# Nvidia (specifically ION) HDMI Sound



## BigDaveyL (Feb 1, 2011)

Hi all,

Just curious - for kicks.  Does anyone have sound woriking through their NVidia cards, specifically, ION?  I have a Zotac ION board with a 9400M.

I plugged it into my 5 year old TV and it doesn't 'just work.'  Anyone have any hints?  

(I may buy a reciever with HDMI ports down the road so I'd like to get this to work before I invest the cash.  I can take out my dedicated DVD player and replace it with my ION - and use it to play DVD's)


----------



## SirDice (Feb 2, 2011)

Have you tried x11/nvidia-driver?

If you have any problems or questions regarding that driver they're probably best asked on the NVidia support forum (there are NVidia developers there too).

http://www.nvnews.net/vbulletin/forumdisplay.php?f=47


----------



## BigDaveyL (Feb 3, 2011)

x11/nvidia-drivers are installed.

Doesn't appear to "just work" nor does when I set hw.snd.default_device to the hdmi port.

If I connect to my current reciever via speaker jack, I get sound.


----------



## SirDice (Feb 3, 2011)

Also make sure the correct audio driver is loaded for the sound chip on the videocard.


----------



## brianc (Nov 30, 2011)

I have been trying to get this to work also.

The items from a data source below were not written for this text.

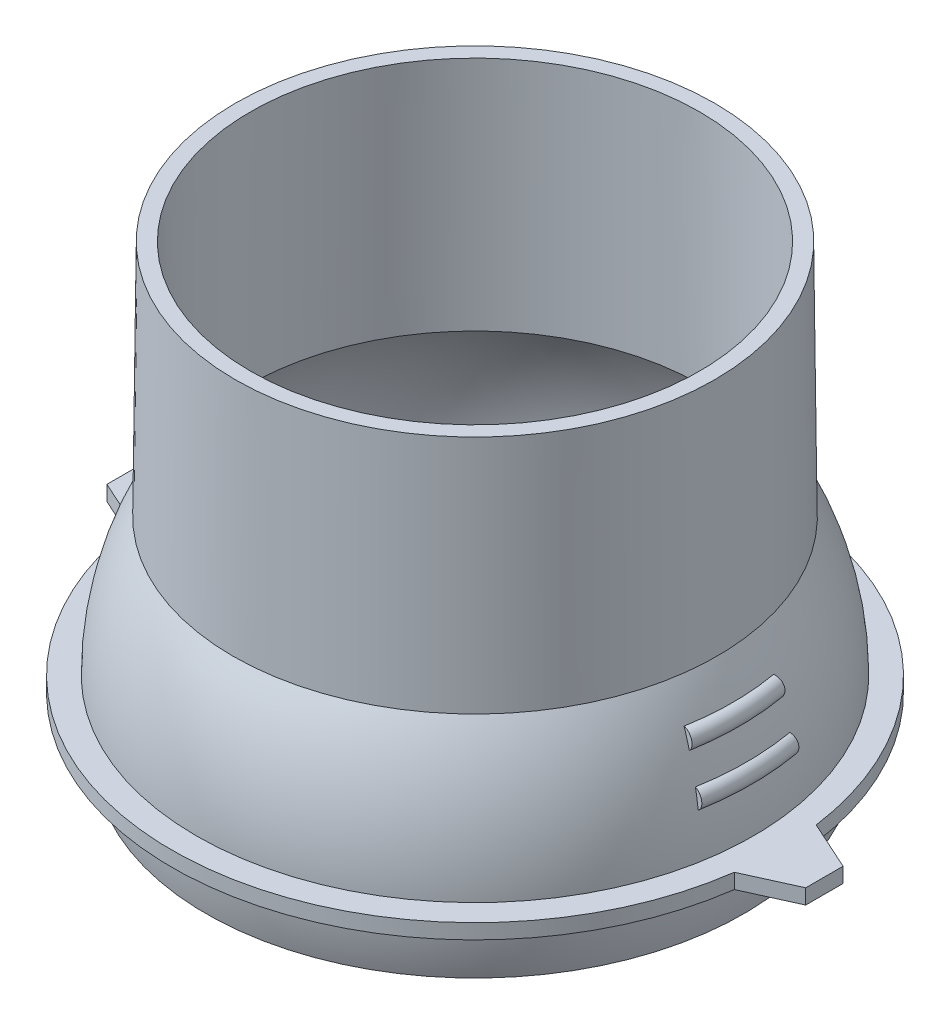
ISO-10303-21;
HEADER;
FILE_DESCRIPTION(('STEP AP214'),'2;1');
FILE_NAME('part.step','',(''),(''),'','','');
FILE_SCHEMA(('AUTOMOTIVE_DESIGN { 1 0 10303 214 1 1 1 1 }'));
ENDSEC;
DATA;
#1=APPLICATION_CONTEXT('core data for automotive mechanical design processes');
#2=APPLICATION_PROTOCOL_DEFINITION('international standard','automotive_design',2000,#1);
#3=PRODUCT_CONTEXT('',#1,'mechanical');
#4=PRODUCT('Part','Part','',(#3));
#5=PRODUCT_RELATED_PRODUCT_CATEGORY('part','',(#4));
#6=PRODUCT_DEFINITION_FORMATION('','',#4);
#7=PRODUCT_DEFINITION_CONTEXT('part definition',#1,'design');
#8=PRODUCT_DEFINITION('design','',#6,#7);
#9=PRODUCT_DEFINITION_SHAPE('','',#8);
#10=(LENGTH_UNIT() NAMED_UNIT(*) SI_UNIT(.MILLI.,.METRE.));
#11=(NAMED_UNIT(*) PLANE_ANGLE_UNIT() SI_UNIT($,.RADIAN.));
#12=(NAMED_UNIT(*) SI_UNIT($,.STERADIAN.) SOLID_ANGLE_UNIT());
#13=UNCERTAINTY_MEASURE_WITH_UNIT(LENGTH_MEASURE(1.E-05),#10,'distance_accuracy_value','');
#14=(GEOMETRIC_REPRESENTATION_CONTEXT(3) GLOBAL_UNCERTAINTY_ASSIGNED_CONTEXT((#13)) GLOBAL_UNIT_ASSIGNED_CONTEXT((#10,
#11,#12)) REPRESENTATION_CONTEXT('',''));
#15=CARTESIAN_POINT('',(0.,0.,0.));
#16=DIRECTION('',(0.,0.,1.));
#17=DIRECTION('',(1.,0.,0.));
#18=AXIS2_PLACEMENT_3D('',#15,#16,#17);
#19=CARTESIAN_POINT('',(0.,17.2974441620263,0.));
#20=DIRECTION('',(0.,-1.,0.));
#21=DIRECTION('',(0.,0.,-1.));
#22=AXIS2_PLACEMENT_3D('',#19,#20,#21);
#23=CYLINDRICAL_SURFACE('',#22,60.7037572717336);
#24=DIRECTION('',(0.,1.,0.));
#25=VECTOR('',#24,1.);
#26=CARTESIAN_POINT('',(-60.1469687207795,-78.2647461199353,-8.2029446302611));
#27=LINE('',#26,#25);
#28=CARTESIAN_POINT('',(-60.1469687207795,-78.2647461199353,-8.20294463026106));
#29=VERTEX_POINT('',#28);
#30=CARTESIAN_POINT('',(-60.1469687207795,-75.2647461199353,-8.2029446302611));
#31=VERTEX_POINT('',#30);
#32=EDGE_CURVE('E244',#29,#31,#27,.T.);
#33=ORIENTED_EDGE('',*,*,#32,.T.);
#34=CARTESIAN_POINT('',(0.,-75.2647461199353,0.));
#35=DIRECTION('',(0.,-1.,0.));
#36=DIRECTION('',(0.,0.,-1.));
#37=AXIS2_PLACEMENT_3D('',#34,#35,#36);
#38=CIRCLE('',#37,60.7037572717336);
#39=CARTESIAN_POINT('',(60.1469687207795,-75.2647461199353,-8.20294463026106));
#40=VERTEX_POINT('',#39);
#41=EDGE_CURVE('E281',#31,#40,#38,.T.);
#42=ORIENTED_EDGE('',*,*,#41,.T.);
#43=DIRECTION('',(0.,1.,0.));
#44=VECTOR('',#43,1.);
#45=CARTESIAN_POINT('',(60.1469687207795,-78.2647461199353,-8.20294463026106));
#46=LINE('',#45,#44);
#47=CARTESIAN_POINT('',(60.1469687207795,-78.2647461199353,-8.20294463026106));
#48=VERTEX_POINT('',#47);
#49=EDGE_CURVE('E273',#48,#40,#46,.T.);
#50=ORIENTED_EDGE('',*,*,#49,.F.);
#51=CARTESIAN_POINT('',(0.,-78.2647461199353,0.));
#52=DIRECTION('',(0.,-1.,0.));
#53=DIRECTION('',(0.,0.,-1.));
#54=AXIS2_PLACEMENT_3D('',#51,#52,#53);
#55=CIRCLE('',#54,60.7037572717336);
#56=EDGE_CURVE('E284',#29,#48,#55,.T.);
#57=ORIENTED_EDGE('',*,*,#56,.F.);
#58=EDGE_LOOP('',(#33,#42,#50,#57));
#59=FACE_BOUND('',#58,.T.);
#60=ADVANCED_FACE('F44',(#59),#23,.T.);
#61=CARTESIAN_POINT('',(0.,-75.2647461199353,1.87350135405495E-13));
#62=DIRECTION('',(0.,1.,0.));
#63=DIRECTION('',(0.,0.,-1.));
#64=AXIS2_PLACEMENT_3D('',#61,#62,#63);
#65=SPHERICAL_SURFACE('',#64,55.784483274368);
#66=CARTESIAN_POINT('',(0.,-78.2647461199353,0.));
#67=DIRECTION('',(0.,-1.,0.));
#68=DIRECTION('',(0.,0.,-1.));
#69=AXIS2_PLACEMENT_3D('',#66,#67,#68);
#70=CIRCLE('',#69,55.7037572717336);
#71=CARTESIAN_POINT('',(0.,-78.2647461199353,-55.7037572717336));
#72=VERTEX_POINT('',#71);
#73=EDGE_CURVE('E288',#72,#72,#70,.T.);
#74=CARTESIAN_POINT('',(0.,-89.7028328125446,0.));
#75=DIRECTION('',(0.,1.,0.));
#76=DIRECTION('',(0.,0.,1.));
#77=AXIS2_PLACEMENT_3D('',#74,#75,#76);
#78=CIRCLE('',#77,53.8836731009024);
#79=CARTESIAN_POINT('',(0.,-89.7028328125446,-53.8836731009024));
#80=VERTEX_POINT('',#79);
#81=EDGE_CURVE('E294',#80,#80,#78,.T.);
#82=CARTESIAN_POINT('',(0.,-78.2647461199353,-55.7037572717336));
#83=CARTESIAN_POINT('',(0.,-78.3854347142406,-55.6972574327962));
#84=CARTESIAN_POINT('',(0.,-78.5061021838576,-55.6903653536044));
#85=CARTESIAN_POINT('',(0.,-78.7473897773534,-55.6757970320156));
#86=CARTESIAN_POINT('',(0.,-78.8680099012322,-55.6681207896186));
#87=CARTESIAN_POINT('',(0.,-79.1091977068898,-55.651984458923));
#88=CARTESIAN_POINT('',(0.,-79.2297653886685,-55.6435243706244));
#89=CARTESIAN_POINT('',(0.,-79.4708432165158,-55.625820707422));
#90=CARTESIAN_POINT('',(0.,-79.5913533625843,-55.6165771325181));
#91=CARTESIAN_POINT('',(0.,-79.832311027688,-55.5973068861235));
#92=CARTESIAN_POINT('',(0.,-79.9527585467232,-55.5872802146328));
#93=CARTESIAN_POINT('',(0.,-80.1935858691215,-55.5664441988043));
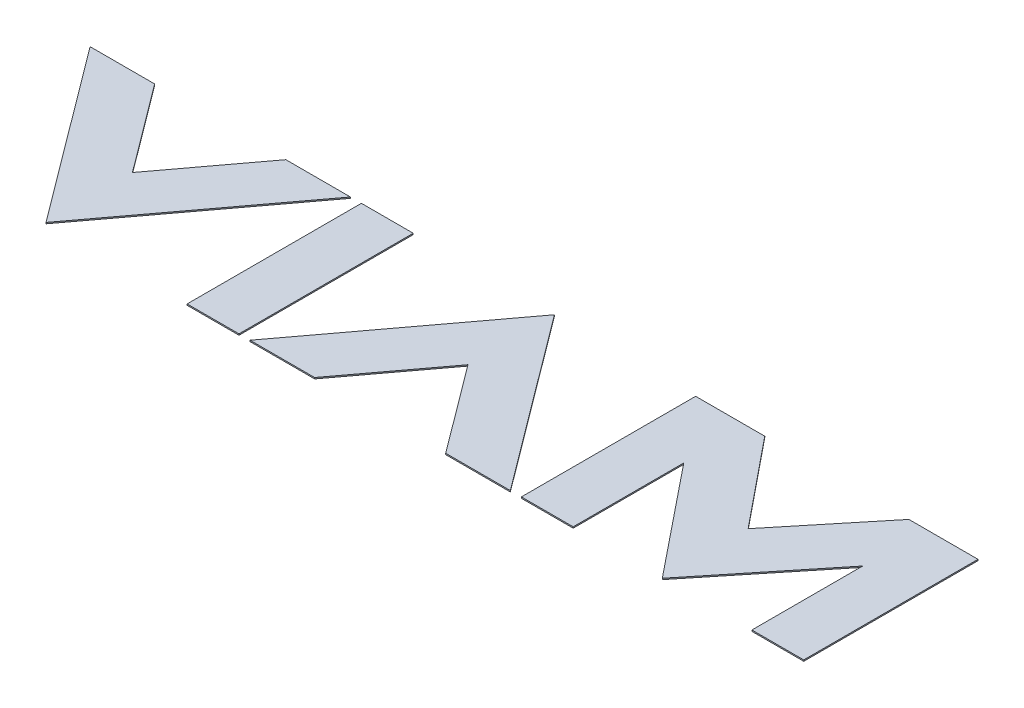
ISO-10303-21;
HEADER;
FILE_DESCRIPTION(('STEP AP214'),'2;1');
FILE_NAME('part.step','',(''),(''),'','','');
FILE_SCHEMA(('AUTOMOTIVE_DESIGN { 1 0 10303 214 1 1 1 1 }'));
ENDSEC;
DATA;
#1=APPLICATION_CONTEXT('core data for automotive mechanical design processes');
#2=APPLICATION_PROTOCOL_DEFINITION('international standard','automotive_design',2000,#1);
#3=PRODUCT_CONTEXT('',#1,'mechanical');
#4=PRODUCT('Part','Part','',(#3));
#5=PRODUCT_RELATED_PRODUCT_CATEGORY('part','',(#4));
#6=PRODUCT_DEFINITION_FORMATION('','',#4);
#7=PRODUCT_DEFINITION_CONTEXT('part definition',#1,'design');
#8=PRODUCT_DEFINITION('design','',#6,#7);
#9=PRODUCT_DEFINITION_SHAPE('','',#8);
#10=(LENGTH_UNIT() NAMED_UNIT(*) SI_UNIT(.MILLI.,.METRE.));
#11=(NAMED_UNIT(*) PLANE_ANGLE_UNIT() SI_UNIT($,.RADIAN.));
#12=(NAMED_UNIT(*) SI_UNIT($,.STERADIAN.) SOLID_ANGLE_UNIT());
#13=UNCERTAINTY_MEASURE_WITH_UNIT(LENGTH_MEASURE(1.E-05),#10,'distance_accuracy_value','');
#14=(GEOMETRIC_REPRESENTATION_CONTEXT(3) GLOBAL_UNCERTAINTY_ASSIGNED_CONTEXT((#13)) GLOBAL_UNIT_ASSIGNED_CONTEXT((#10,
#11,#12)) REPRESENTATION_CONTEXT('',''));
#15=CARTESIAN_POINT('',(0.,0.,0.));
#16=DIRECTION('',(0.,0.,1.));
#17=DIRECTION('',(1.,0.,0.));
#18=AXIS2_PLACEMENT_3D('',#15,#16,#17);
#19=CARTESIAN_POINT('',(11.7883153656796,0.1,6.73885035664306));
#20=DIRECTION('',(-0.801244842844147,0.,0.598336612464638));
#21=DIRECTION('',(0.598336612464638,0.,0.801244842844147));
#22=AXIS2_PLACEMENT_3D('',#19,#20,#21);
#23=PLANE('',#22);
#24=DIRECTION('',(-0.598336612464638,0.,-0.801244842844147));
#25=VECTOR('',#24,1.);
#26=CARTESIAN_POINT('',(11.7883153656796,0.,6.73885035664306));
#27=LINE('',#26,#25);
#28=CARTESIAN_POINT('',(11.7883153656796,0.,6.73885035664306));
#29=VERTEX_POINT('',#28);
#30=CARTESIAN_POINT('',(1.31660656567958,0.,-7.28402990335696));
#31=VERTEX_POINT('',#30);
#32=EDGE_CURVE('E150',#29,#31,#27,.T.);
#33=ORIENTED_EDGE('',*,*,#32,.T.);
#34=DIRECTION('',(0.,-1.,0.));
#35=VECTOR('',#34,1.);
#36=CARTESIAN_POINT('',(1.31660656567958,0.1,-7.28402990335696));
#37=LINE('',#36,#35);
#38=CARTESIAN_POINT('',(1.31660656567958,0.1,-7.28402990335696));
#39=VERTEX_POINT('',#38);
#40=EDGE_CURVE('E12',#39,#31,#37,.T.);
#41=ORIENTED_EDGE('',*,*,#40,.F.);
#42=DIRECTION('',(-0.598336612464638,0.,-0.801244842844147));
#43=VECTOR('',#42,1.);
#44=CARTESIAN_POINT('',(11.7883153656796,0.1,6.73885035664306));
#45=LINE('',#44,#43);
#46=CARTESIAN_POINT('',(11.7883153656796,0.1,6.73885035664306));
#47=VERTEX_POINT('',#46);
#48=EDGE_CURVE('E165',#47,#39,#45,.T.);
#49=ORIENTED_EDGE('',*,*,#48,.F.);
#50=DIRECTION('',(0.,-1.,0.));
#51=VECTOR('',#50,1.);
#52=CARTESIAN_POINT('',(11.7883153656796,0.1,6.73885035664306));
#53=LINE('',#52,#51);
#54=EDGE_CURVE('E146',#47,#29,#53,.T.);
#55=ORIENTED_EDGE('',*,*,#54,.T.);
#56=EDGE_LOOP('',(#33,#41,#49,#55));
#57=FACE_BOUND('',#56,.T.);
#58=ADVANCED_FACE('F50',(#57),#23,.F.);
#59=CARTESIAN_POINT('',(1.31660656567958,0.1,-7.28402990335696));
#60=DIRECTION('',(0.801160335078263,0.,0.598449761882553));
#61=DIRECTION('',(0.598449761882553,0.,-0.801160335078263));
#62=AXIS2_PLACEMENT_3D('',#59,#60,#61);
#63=PLANE('',#62);
#64=DIRECTION('',(-0.598449761882553,0.,0.801160335078263));
#65=VECTOR('',#64,1.);
#66=CARTESIAN_POINT('',(1.31660656567958,0.,-7.28402990335696));
#67=LINE('',#66,#65);
#68=CARTESIAN_POINT('',(-9.15510223432043,0.,6.73472031664306));
#69=VERTEX_POINT('',#68);
#70=EDGE_CURVE('E154',#31,#69,#67,.T.);
#71=ORIENTED_EDGE('',*,*,#70,.T.);
#72=DIRECTION('',(0.,-1.,0.));
#73=VECTOR('',#72,1.);
#74=CARTESIAN_POINT('',(-9.15510223432043,0.1,6.73472031664306));
#75=LINE('',#74,#73);
#76=CARTESIAN_POINT('',(-9.15510223432043,0.1,6.73472031664306));
#77=VERTEX_POINT('',#76);
#78=EDGE_CURVE('E59',#77,#69,#75,.T.);
#79=ORIENTED_EDGE('',*,*,#78,.F.);
#80=DIRECTION('',(-0.598449761882553,0.,0.801160335078263));
#81=VECTOR('',#80,1.);
#82=CARTESIAN_POINT('',(1.31660656567958,0.1,-7.28402990335696));
#83=LINE('',#82,#81);
#84=EDGE_CURVE('E111',#39,#77,#83,.T.);
#85=ORIENTED_EDGE('',*,*,#84,.F.);
#86=ORIENTED_EDGE('',*,*,#40,.T.);
#87=EDGE_LOOP('',(#71,#79,#85,#86));
#88=FACE_BOUND('',#87,.T.);
#89=ADVANCED_FACE('F193',(#88),#63,.F.);
#90=CARTESIAN_POINT('',(-9.15510223432043,0.1,6.73472031664306));
#91=DIRECTION('',(0.,0.,-1.));
#92=DIRECTION('',(-1.,0.,0.));
#93=AXIS2_PLACEMENT_3D('',#90,#91,#92);
#94=PLANE('',#93);
#95=DIRECTION('',(1.,0.,0.));
#96=VECTOR('',#95,1.);
#97=CARTESIAN_POINT('',(-9.15510223432043,0.,6.73472031664306));
#98=LINE('',#97,#96);
#99=CARTESIAN_POINT('',(-3.95856703432044,0.,6.73472031664306));
#100=VERTEX_POINT('',#99);
#101=EDGE_CURVE('E156',#69,#100,#98,.T.);
#102=ORIENTED_EDGE('',*,*,#101,.T.);
#103=DIRECTION('',(0.,-1.,0.));
#104=VECTOR('',#103,1.);
#105=CARTESIAN_POINT('',(-3.95856703432044,0.1,6.73472031664306));
#106=LINE('',#105,#104);
#107=CARTESIAN_POINT('',(-3.95856703432044,0.1,6.73472031664306));
#108=VERTEX_POINT('',#107);
#109=EDGE_CURVE('E138',#108,#100,#106,.T.);
#110=ORIENTED_EDGE('',*,*,#109,.F.);
#111=DIRECTION('',(1.,0.,0.));
#112=VECTOR('',#111,1.);
#113=CARTESIAN_POINT('',(-9.15510223432043,0.1,6.73472031664306));
#114=LINE('',#113,#112);
#115=EDGE_CURVE('E127',#77,#108,#114,.T.);
#116=ORIENTED_EDGE('',*,*,#115,.F.);
#117=ORIENTED_EDGE('',*,*,#78,.T.);
#118=EDGE_LOOP('',(#102,#110,#116,#117));
#119=FACE_BOUND('',#118,.T.);
#120=ADVANCED_FACE('F175',(#119),#94,.F.);
#121=CARTESIAN_POINT('',(-3.95856703432044,0.1,6.73472031664306));
#122=DIRECTION('',(-0.801122457843259,0.,-0.598500465780249));
#123=DIRECTION('',(-0.598500465780249,0.,0.801122457843259));
#124=AXIS2_PLACEMENT_3D('',#121,#122,#123);
#125=PLANE('',#124);
#126=DIRECTION('',(0.598500465780249,0.,-0.801122457843259));
#127=VECTOR('',#126,1.);
#128=CARTESIAN_POINT('',(-3.95856703432044,0.,6.73472031664306));
#129=LINE('',#128,#127);
#130=CARTESIAN_POINT('',(1.31660656567958,0.,-0.326360303356931));
#131=VERTEX_POINT('',#130);
#132=EDGE_CURVE('E136',#100,#131,#129,.T.);
#133=ORIENTED_EDGE('',*,*,#132,.T.);
#134=DIRECTION('',(0.,-1.,0.));
#135=VECTOR('',#134,1.);
#136=CARTESIAN_POINT('',(1.31660656567958,0.1,-0.326360303356931));
#137=LINE('',#136,#135);
#138=CARTESIAN_POINT('',(1.31660656567958,0.1,-0.326360303356931));
#139=VERTEX_POINT('',#138);
#140=EDGE_CURVE('E133',#139,#131,#137,.T.);
#141=ORIENTED_EDGE('',*,*,#140,.F.);
#142=DIRECTION('',(0.598500465780249,0.,-0.801122457843259));
#143=VECTOR('',#142,1.);
#144=CARTESIAN_POINT('',(-3.95856703432044,0.1,6.73472031664306));
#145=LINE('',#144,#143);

I posted on nvidia's forum and so far no response, but did see something from a while back stating at this point hdmi sound on ion boards does not work with freebsd FreeBSD.


----------



## mix_room (Dec 1, 2011)

I have HDMI audio working with a Nvidia GT520. 

Are you sure that you have set the right value? 
I don't have hw.snd.default_device, but I do have hw.snd.default_unit


----------



## brianc (Dec 1, 2011)

Yeah, I tried all the devices and was never able to get anything through the HDMI port. Had no issues with, front panel, rear panel and optical out. Good to know it works on the GT520 as I was thinking about changing out the ion with a standard motherboard and video card.


----------



## mix_room (Dec 2, 2011)

What do you mean it doesn't work? 

Does the HDMI pairing work properly? Is the resolution properly transmitted? 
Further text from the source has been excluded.